I Don't Want To...Serve
- Thursday, May 10, 2018
- By Johannes Schouten
"It is more blessed to give than to receive.” (Acts 20:35, Jesus)
I find myself in a short series of blogs posts (this is now #3) on the theme of "I Don't Want To..."
I have previously blogged about "I Don't Want To...Believe" and "I Don't Want To...Change."
This post is on the theme of "I Don't Want To...Serve"
These posts may not seem like your regular pastoral "fodder" (food, theme, things we as pastors or Christians talk about). Yet, these are some of the very things we should be talking about.
"I Don't Want To..." is a kind of heart check, a kind of reality check, a kind of confession.
And we so desparately need confession in our lives...especially followers of Jesus need confession.
Christians too struggle with serving others. Like so many people, we usually serve others for all the wrong reasons:
1. Because we have to
2. Because (maybe) others are watching
3. Because we hope to receive something in return
We very seldom serve based on the words of Jesus: "It is better to give than to receive." Or we could say: "It is better to serve than to be served."
Service is one way to summerize the ministry of Jesus. As Christ himself said: "The Son of Man did not come to be serve but to serve and to give his life as a ransom for many" (Mark 10:45).

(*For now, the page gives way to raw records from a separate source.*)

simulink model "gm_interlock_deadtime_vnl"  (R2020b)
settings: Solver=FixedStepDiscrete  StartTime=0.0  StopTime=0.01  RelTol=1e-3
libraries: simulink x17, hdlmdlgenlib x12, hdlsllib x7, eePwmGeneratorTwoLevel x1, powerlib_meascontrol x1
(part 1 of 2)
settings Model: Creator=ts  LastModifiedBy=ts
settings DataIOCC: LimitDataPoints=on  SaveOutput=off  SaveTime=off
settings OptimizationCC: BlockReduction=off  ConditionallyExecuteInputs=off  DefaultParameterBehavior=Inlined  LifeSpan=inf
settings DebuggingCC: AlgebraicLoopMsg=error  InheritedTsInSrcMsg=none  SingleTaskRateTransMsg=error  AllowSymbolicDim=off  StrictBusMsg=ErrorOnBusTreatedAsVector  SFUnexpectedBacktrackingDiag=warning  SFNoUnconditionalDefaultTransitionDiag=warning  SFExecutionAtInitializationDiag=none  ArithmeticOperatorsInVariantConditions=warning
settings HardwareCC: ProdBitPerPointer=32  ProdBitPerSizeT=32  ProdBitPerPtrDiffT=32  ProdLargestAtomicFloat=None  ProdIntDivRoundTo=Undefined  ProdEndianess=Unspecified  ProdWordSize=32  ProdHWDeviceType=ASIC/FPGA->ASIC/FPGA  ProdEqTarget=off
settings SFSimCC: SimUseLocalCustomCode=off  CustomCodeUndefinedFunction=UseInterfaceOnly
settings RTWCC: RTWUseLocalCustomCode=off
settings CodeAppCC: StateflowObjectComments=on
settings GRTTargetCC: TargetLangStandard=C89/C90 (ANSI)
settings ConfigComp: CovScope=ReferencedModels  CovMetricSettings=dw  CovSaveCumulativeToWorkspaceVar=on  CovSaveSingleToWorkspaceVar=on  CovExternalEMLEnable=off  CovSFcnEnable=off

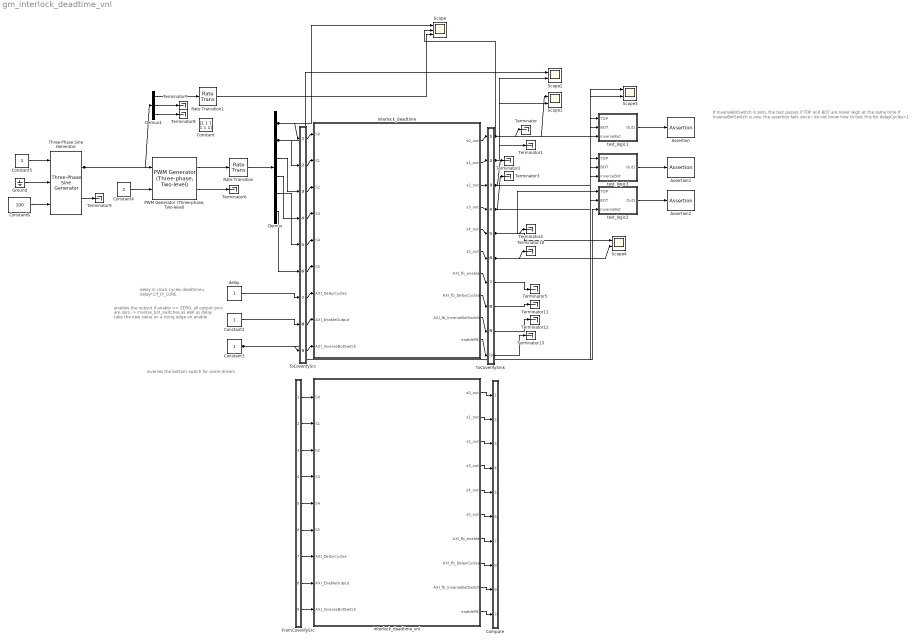
== system gm_interlock_deadtime_vnl ==
  note: If InverseBotSwitch is zero, the test passes if TOP and BOT are never High at the same time
      | If InverseBotSwitch is one, the assertion fails since I do not know how to test this for delayCycles>1
  note: enables the output
      | if enable == ZERO, all output pins are zero
      |
      | -> inverse_bot_switches as well as delay take the
      | new value on a rising edge on enable
  note: inverses the bottom switch for some drivers
  note: delay in clock cycles
      | deadtime= delay*1/f_IP_CORE
  Assertion : Assertion
  Assertion1 : Assertion
  Assertion2 : Assertion
  Compare : Subsystem
      mask Display: disp('')
  Constant : Constant  Value=[1 1 1 1 1 1]  OutDataTypeStr=boolean
  Constant2 : Constant  OutDataTypeStr=boolean  SampleTime=1/100e6
  Constant3 : Constant  OutDataTypeStr=boolean  SampleTime=1/100e6
  Constant4 : Constant  Value=2  SampleTime=-1
  Constant5 : Constant  SampleTime=-1
  Constant6 : Constant  Value=100  SampleTime=-1
  Demux : Demux  Outputs=6
  Demux1 : Demux  Outputs=3
  FromCoverifySrc : Subsystem
      mask Display: disp('')
  Ground : Ground
  "PWM Generator (Three-phase, Two-level)" : eePwmGeneratorTwoLevel/PWM Generator (Three-phase, Two-level)  PWMMode=Continuous PWM (CPWM)  CPWMMode=SPWM: sinusoidal PWM  DPWMMode=60 DPWM: 60 degree discontinuous PWM  fsw=10e3  Ts=1/(100*100e3)
      settings: SourceProductBaseCode=PS
  Rate Transition : RateTransition  OutPortSampleTime=1/100e6
  Rate Transition1 : RateTransition  OutPortSampleTime=1/100e6
  Scope : Scope  NumInputPorts=3
  Scope{1..4} (4 alike) : Scope  NumInputPorts=2
  Terminator{,1..13} (14 alike) : Terminator
  Three-Phase Sine Generator : powerlib_meascontrol/Pulse & Signal Generators/Three-Phase Sine Generator  Ts=1/100e3
      settings: SourceProductBaseCode=PS
  ToCoverifySink : Subsystem
      mask Display: disp('')
  ToCoverifySrc : Subsystem
      mask Display: disp('')
  delay : Constant  OutDataTypeStr=fixdt(0,10,0)  SampleTime=1/100e6
  interlock_deadtime : Subsystem  TreatAsAtomicUnit=on
  interlock_deadtime_vnl : Subsystem  TreatAsAtomicUnit=on
  test_logic1 : Subsystem
  test_logic2 : Subsystem
  test_logic3 : Subsystem
  wires:
  Constant4/1 -> "PWM Generator (Three-phase, Two-level)"/2
  Three-Phase Sine Generator/1 -> Demux1/1, "PWM Generator (Three-phase, Two-level)"/1
  Constant5/1 -> Three-Phase Sine Generator/1
  Constant6/1 -> Three-Phase Sine Generator/3
  Demux/1 -> Scope/1, ToCoverifySrc/1(in1)
  Demux/2 -> Scope2/1, ToCoverifySrc/2(in2)
  Demux1/1 -> Rate Transition1/1
  Rate Transition1/1 -> Scope/3
  Constant3/1 -> test_logic2/3(inverseBot), test_logic3/3(inverseBot), test_logic1/3(inverseBot), ToCoverifySrc/9(in9)
  "PWM Generator (Three-phase, Two-level)"/2 -> Terminator6/1
  Demux1/2 -> Terminator7/1
  Demux1/3 -> Terminator8/1
  Three-Phase Sine Generator/2 -> Terminator9/1
  Ground/1 -> Three-Phase Sine Generator/2
  test_logic3/1(Out1) -> Assertion1/1
  test_logic2/1(Out1) -> Assertion2/1
  test_logic1/1(Out1) -> Assertion/1
  Rate Transition/1 -> Demux/1
  "PWM Generator (Three-phase, Two-level)"/1 -> Rate Transition/1
  ToCoverifySrc/1(out1) -> interlock_deadtime/1(S0)
  ToCoverifySrc/2(out2) -> interlock_deadtime/2(S1)
  ToCoverifySrc/3(out3) -> interlock_deadtime/3(S2)
  ToCoverifySrc/4(out4) -> interlock_deadtime/4(S3)
  ToCoverifySrc/5(out5) -> interlock_deadtime/5(S4)
  ToCoverifySrc/6(out6) -> interlock_deadtime/6(S5)
  ToCoverifySrc/7(out7) -> interlock_deadtime/7(AXI_DelayCycles)
  ToCoverifySrc/8(out8) -> interlock_deadtime/8(AXI_EnableOutput)
  ToCoverifySrc/9(out9) -> interlock_deadtime/9(AXI_InverseBotSwitch)
  interlock_deadtime/1(s0_out) -> ToCoverifySink/1(in1)
  interlock_deadtime/2(s1_out) -> ToCoverifySink/2(in2)
  interlock_deadtime/3(s2_out) -> ToCoverifySink/3(in3)
  interlock_deadtime/4(s3_out) -> ToCoverifySink/4(in4)
  interlock_deadtime/5(s4_out) -> ToCoverifySink/5(in5)
  interlock_deadtime/6(s5_out) -> ToCoverifySink/6(in6)
  interlock_deadtime/7(AXI_fb_enable) -> ToCoverifySink/7(in7)
  interlock_deadtime/8(AXI_fb_DelayCycles) -> ToCoverifySink/8(in8)
  interlock_deadtime/9(AXI_fb_InverseBotSwitch) -> ToCoverifySink/9(in9)
  interlock_deadtime/10(enableFB) -> ToCoverifySink/10(in10)
  Demux/3 -> ToCoverifySrc/3(in3)
  Demux/4 -> ToCoverifySrc/4(in4)
  Demux/5 -> ToCoverifySrc/5(in5)
  Demux/6 -> ToCoverifySrc/6(in6)
  delay/1 -> ToCoverifySrc/7(in7)
  Constant2/1 -> ToCoverifySrc/8(in8)
  ToCoverifySink/1(out1) -> Scope1/1, Terminator/1, test_logic1/1(TOP), Scope/2
  ToCoverifySink/2(out2) -> Terminator1/1, test_logic1/2(BOT), Scope2/2, Scope1/2
  ToCoverifySink/3(out3) -> Terminator2/1, test_logic3/1(TOP), Scope3/1
  ToCoverifySink/4(out4) -> Terminator3/1, test_logic3/2(BOT), Scope3/2
  ToCoverifySink/5(out5) -> Terminator4/1, test_logic2/1(TOP), Scope4/1
  ToCoverifySink/6(out6) -> Terminator10/1, test_logic2/2(BOT), Scope4/2
  ToCoverifySink/7(out7) -> Terminator5/1
  ToCoverifySink/8(out8) -> Terminator11/1
  ToCoverifySink/9(out9) -> Terminator12/1
  ToCoverifySink/10(out10) -> Terminator13/1
  FromCoverifySrc/1(out1) -> interlock_deadtime_vnl/1(S0)
  FromCoverifySrc/2(out2) -> interlock_deadtime_vnl/2(S1)
  FromCoverifySrc/3(out3) -> interlock_deadtime_vnl/3(S2)
  FromCoverifySrc/4(out4) -> interlock_deadtime_vnl/4(S3)
  FromCoverifySrc/5(out5) -> interlock_deadtime_vnl/5(S4)
  FromCoverifySrc/6(out6) -> interlock_deadtime_vnl/6(S5)
  FromCoverifySrc/7(out7) -> interlock_deadtime_vnl/7(AXI_DelayCycles)
  FromCoverifySrc/8(out8) -> interlock_deadtime_vnl/8(AXI_EnableOutput)
  FromCoverifySrc/9(out9) -> interlock_deadtime_vnl/9(AXI_InverseBotSwitch)
  interlock_deadtime_vnl/1(s0_out) -> Compare/1(in1)
  interlock_deadtime_vnl/2(s1_out) -> Compare/2(in2)
  interlock_deadtime_vnl/3(s2_out) -> Compare/3(in3)
  interlock_deadtime_vnl/4(s3_out) -> Compare/4(in4)
  interlock_deadtime_vnl/5(s4_out) -> Compare/5(in5)
  interlock_deadtime_vnl/6(s5_out) -> Compare/6(in6)
  interlock_deadtime_vnl/7(AXI_fb_enable) -> Compare/7(in7)
  interlock_deadtime_vnl/8(AXI_fb_DelayCycles) -> Compare/8(in8)
  interlock_deadtime_vnl/9(AXI_fb_InverseBotSwitch) -> Compare/9(in9)
  interlock_deadtime_vnl/10(enableFB) -> Compare/10(in10)

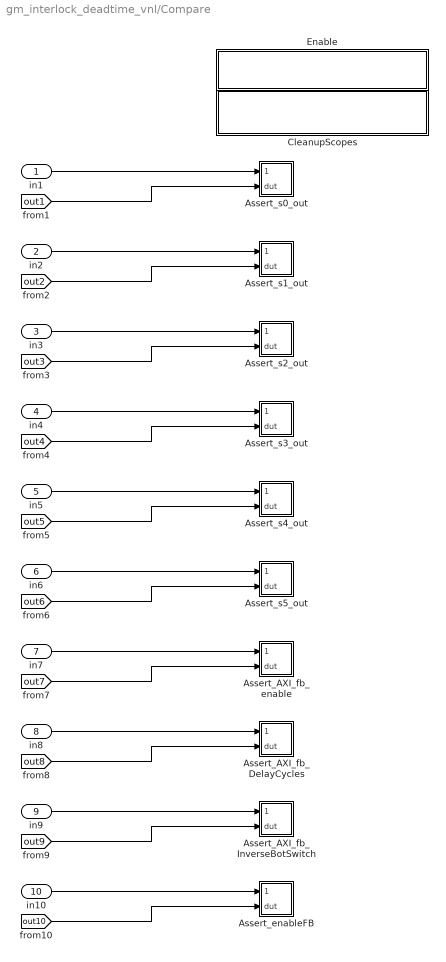
== system gm_interlock_deadtime_vnl/Compare ==
  in1 : Inport
  in2 : Inport  Port=2
  in3 : Inport  Port=3
  in4 : Inport  Port=4
  in5 : Inport  Port=5
  in6 : Inport  Port=6
  in7 : Inport  Port=7
  in8 : Inport  Port=8
  in9 : Inport  Port=9
  in10 : Inport  Port=10
  Assert_AXI_fb_DelayCycles : Subsystem
  Assert_AXI_fb_InverseBotSwitch : Subsystem
  Assert_AXI_fb_enable : Subsystem
  Assert_enableFB : Subsystem
  Assert_s0_out : Subsystem
  Assert_s1_out : Subsystem
  Assert_s2_out : Subsystem
  Assert_s3_out : Subsystem
  Assert_s4_out : Subsystem
  Assert_s5_out : Subsystem
  CleanupScopes : Subsystem
      settings: OpenFcn=|
      | blkName = gcb; %self block
      | idx = regexp(blkName, '/CleanupScopes$', 'once');
      | blkParent = blkName(1:idx-1);
      | blks=find_system(blkParent, 'LookUnderMasks', 'all','blocktype', 'Scope');
      | for itr = 1:length(blks)
      | 	 hScopeCfg = get_param(blks{itr},'ScopeConfiguration');
      | 	 hScopeCfg.Visible = ~ hScopeCfg.Visible;
      | end
      | drawnow;
      mask Display: fprintf(message('hdlcoder:cosim:vnl_dblclick').getString());
  Enable : Subsystem
      settings: OpenFcn=|
      | blkName = gcb;
      | idx = regexp(blkName, '/Enable$', 'once');
      | blkParent = blkName(1:idx-1);
      | blks=find_system(blkParent, 'LookUnderMasks', 'all','blocktype', 'Assertion');
      | e = get_param(blks{1}, 'Enabled');
      | if strcmp(e, 'on'), f= 'off';, else, f = 'on';, end
      | for ii=1:length(blks), set_param(blks{ii}, 'Enabled', f);, end
      | set_param(gcb, 'MaskDisplay',['fprintf(message(''hdlcoder:cosim:vnl_dblclick_assertions'',','''',upper(e),'''',').getString())']);
      mask Display: fprintf(message('hdlcoder:cosim:vnl_dblclick_assertions','OFF').getString());
  wires:
  in1/1 -> Assert_s0_out/1(cosim)
  [out1] -> Assert_s0_out/2(dut)
  in2/1 -> Assert_s1_out/1(cosim)
  [out2] -> Assert_s1_out/2(dut)
  in3/1 -> Assert_s2_out/1(cosim)
  [out3] -> Assert_s2_out/2(dut)
  in4/1 -> Assert_s3_out/1(cosim)
  [out4] -> Assert_s3_out/2(dut)
  in5/1 -> Assert_s4_out/1(cosim)
  [out5] -> Assert_s4_out/2(dut)
  in6/1 -> Assert_s5_out/1(cosim)
  [out6] -> Assert_s5_out/2(dut)
  in7/1 -> Assert_AXI_fb_enable/1(cosim)
  [out7] -> Assert_AXI_fb_enable/2(dut)
  in8/1 -> Assert_AXI_fb_DelayCycles/1(cosim)
  [out8] -> Assert_AXI_fb_DelayCycles/2(dut)
  in9/1 -> Assert_AXI_fb_InverseBotSwitch/1(cosim)
  [out9] -> Assert_AXI_fb_InverseBotSwitch/2(dut)
  in10/1 -> Assert_enableFB/1(cosim)
  [out10] -> Assert_enableFB/2(dut)

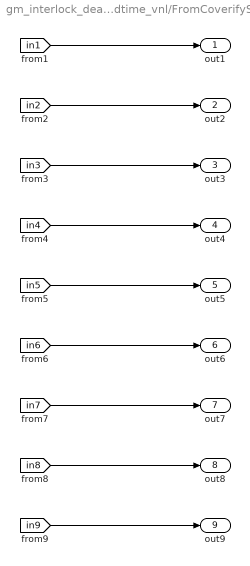
== system gm_interlock_deadtime_vnl/FromCoverifySrc ==
  out1 : Outport
  out2 : Outport  Port=2
  out3 : Outport  Port=3
  out4 : Outport  Port=4
  out5 : Outport  Port=5
  out6 : Outport  Port=6
  out7 : Outport  Port=7
  out8 : Outport  Port=8
  out9 : Outport  Port=9
  wires:
  [in1] -> out1/1
  [in2] -> out2/1
  [in3] -> out3/1
  [in4] -> out4/1
  [in5] -> out5/1
  [in6] -> out6/1
  [in7] -> out7/1
  [in8] -> out8/1
  [in9] -> out9/1

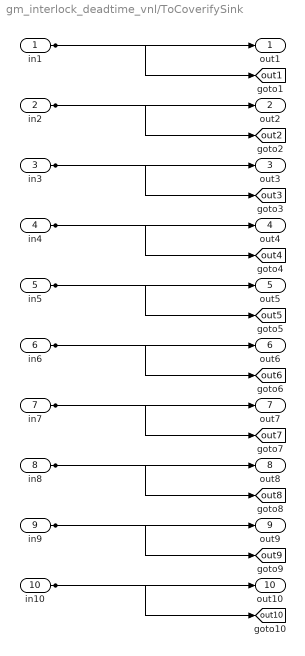
== system gm_interlock_deadtime_vnl/ToCoverifySink ==
  in1 : Inport
  in2 : Inport  Port=2
  in3 : Inport  Port=3
  in4 : Inport  Port=4
  in5 : Inport  Port=5
  in6 : Inport  Port=6
  in7 : Inport  Port=7
  in8 : Inport  Port=8
  in9 : Inport  Port=9
  in10 : Inport  Port=10
  out1 : Outport
  out2 : Outport  Port=2
  out3 : Outport  Port=3
  out4 : Outport  Port=4
  out5 : Outport  Port=5
  out6 : Outport  Port=6
  out7 : Outport  Port=7
  out8 : Outport  Port=8
  out9 : Outport  Port=9
  out10 : Outport  Port=10
  tag scope: out10=global, out1=global, out2=global, out3=global, out4=global, out5=global, out6=global, out7=global, out8=global, out9=global
  wires:
  in1/1 -> out1/1, [out1]
  in2/1 -> out2/1, [out2]
  in3/1 -> out3/1, [out3]
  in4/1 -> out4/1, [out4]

The word for "blessed" (Greek = "makairios") used in Acts 20:35 is the same word used throughout the New Testament ("Blessed are the poor in spirit," "Blessed are those invited to the wedding baquet of the Lamb"). This kind of being "blessed" means "supremely blest; by extension, fortunate, well off, blessed, happy."
We so often miss the "happiness" of serving others and so, in reality, we "don't want to serve." We have lost the joy of serving (or maybe never had the joy in the first place).
Serving others is our true humanity. When we don't serve or refuse to serve we reject the "image of God" humanity God has given to us. And if rejected for too long then our happiness turns into gloom and we lose the joy we were meant to experience.
Let us serve each other, confessing we often do not want to serve each other. But as we confess and as we serve let's enter into the joy God has for us.